For the complete documentation index, see llms.txt. Markdown versions of all pages are available by appending .md to any URL (e.g. /max/get-started.md).

Mojo function

scatter

def scatter[dtype: DType, //, ngpus: Int, dp_size: Int, in_layout: TensorLayout, in_origin: Origin[mut=in_origin.mut], pdl_level: PDLLevel = PDLLevel()](input_buffers: InlineArray[TileTensor[dtype, in_layout, in_origin], dp_size], output_buffer: TileTensor[dtype, Storage=output_buffer.Storage, address_space=output_buffer.address_space, linear_idx_type=output_buffer.linear_idx_type, element_size=output_buffer.element_size], rank_sigs: InlineArray[UnsafePointer[Signal, MutAnyOrigin], Int(8)], ctx: DeviceContext)

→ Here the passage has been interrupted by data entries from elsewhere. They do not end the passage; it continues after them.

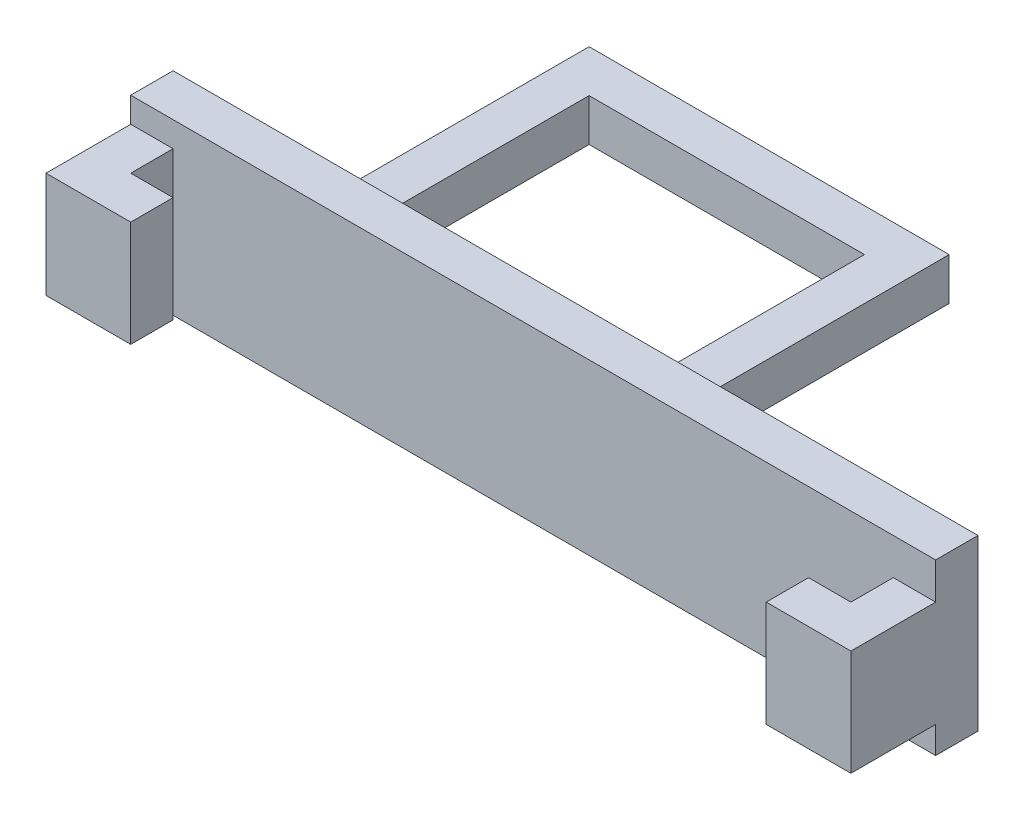
from build123d import *

# Parameters (mm, degrees)
SKETCH1_W           = 2
SKETCH1_H           = 2
BOSS_EXTRUDE1_DEPTH = 15
SKETCH4_W           = 2
SKETCH4_H           = 2
BOSS_EXTRUDE3_DEPTH = 15
SKETCH5_W           = 2
SKETCH5_H           = 2
BOSS_EXTRUDE4_DEPTH = 11
SKETCH6_W           = 38
SKETCH6_H           = 8
BOSS_EXTRUDE5_DEPTH = 2
SKETCH8_W           = 4
SKETCH8_H           = 5
BOSS_EXTRUDE6_DEPTH = 2
SKETCH9_W           = 4
SKETCH9_H           = 5
BOSS_EXTRUDE7_DEPTH = 2
SKETCH10_W          = 2
SKETCH10_H          = 5
BOSS_EXTRUDE8_DEPTH = 2
SKETCH11_W          = 2
SKETCH11_H          = 5
BOSS_EXTRUDE9_DEPTH = 2


with BuildPart() as part:
    # Sketch1 → Boss-Extrude1 (new body)
    with BuildSketch(Plane.XY):
        Rectangle(SKETCH1_W, SKETCH1_H)
    extrude(amount=BOSS_EXTRUDE1_DEPTH)

    # Sketch4 → Boss-Extrude3 (add)
    with BuildSketch(Plane(origin=(1, 0, 0), x_dir=(0, 0, -1), z_dir=(1, 0, 0))):
        with Locations((-1, 0)):
            Rectangle(SKETCH4_W, SKETCH4_H)
    extrude(amount=BOSS_EXTRUDE3_DEPTH)

    # Sketch5 → Boss-Extrude4 (add)
    with BuildSketch(Plane.XY.offset(2)):
        with Locations((15, 0)):
            Rectangle(SKETCH5_W, SKETCH5_H)
    extrude(amount=BOSS_EXTRUDE4_DEPTH)

    # Sketch6 → Boss-Extrude5 (add)
    with BuildSketch(Plane.XY.offset(15)):
        with Locations((13.360084104, 1.19652769)):
            Rectangle(SKETCH6_W, SKETCH6_H)
    extrude(amount=BOSS_EXTRUDE5_DEPTH)

    # Sketch8 → Boss-Extrude6 (add)
    with BuildSketch(Plane(origin=(32.360084104, 0, 0), x_dir=(0, 0, -1), z_dir=(1, 0, 0))):
        with Locations((-19, 0.971825631)):
            Rectangle(SKETCH8_W, SKETCH8_H)
    extrude(amount=-BOSS_EXTRUDE6_DEPTH)

    # Sketch9 → Boss-Extrude7 (add)
    with BuildSketch(Plane.ZY.offset(5.639915896)):
        with Locations((19, 1.508383794)):
            Rectangle(SKETCH9_W, SKETCH9_H)
    extrude(amount=-BOSS_EXTRUDE7_DEPTH)

    # Sketch10 → Boss-Extrude8 (add)
    with BuildSketch(Plane(origin=(-3.639915896, 0, 0), x_dir=(0, 0, -1), z_dir=(1, 0, 0))):
        with Locations((-20, 1.508383794)):
            Rectangle(SKETCH10_W, SKETCH10_H)
    extrude(amount=BOSS_EXTRUDE8_DEPTH)

    # Sketch11 → Boss-Extrude9 (add)
    with BuildSketch(Plane.ZY.offset(-30.360084104)):
        with Locations((20, 0.971825631)):
            Rectangle(SKETCH11_W, SKETCH11_H)
    extrude(amount=BOSS_EXTRUDE9_DEPTH)


solid = part.part

Pull-based scatter+broadcast.

Each GPU reads its replica's chunk from the root GPU via P2P. All GPUs must call this function.

Parameters:

dtype (DType): Data type of the tensor elements.
ngpus (Int): Number of GPUs participating.
dp_size (Int): Number of data-parallel replicas.
in_layout (TensorLayout): Layout of the input TileTensors.
in_origin (Origin[mut=in_origin.mut]): Origin of the input TileTensors.
pdl_level (PDLLevel): Controls PDL behavior for P2P kernels.

Args:

input_buffers (InlineArray[TileTensor[dtype, in_layout, in_origin], dp_size]): Input buffers (one per DP replica) as TileTensors.
output_buffer (TileTensor[dtype, Storage=output_buffer.Storage, address_space=output_buffer.address_space, linear_idx_type=output_buffer.linear_idx_type, element_size=output_buffer.element_size]): Output buffer for THIS GPU as a TileTensor.
rank_sigs (InlineArray[UnsafePointer[Signal, MutAnyOrigin], Int(8)]): Per-GPU Signal pointers.
ctx (DeviceContext): Device context for THIS GPU.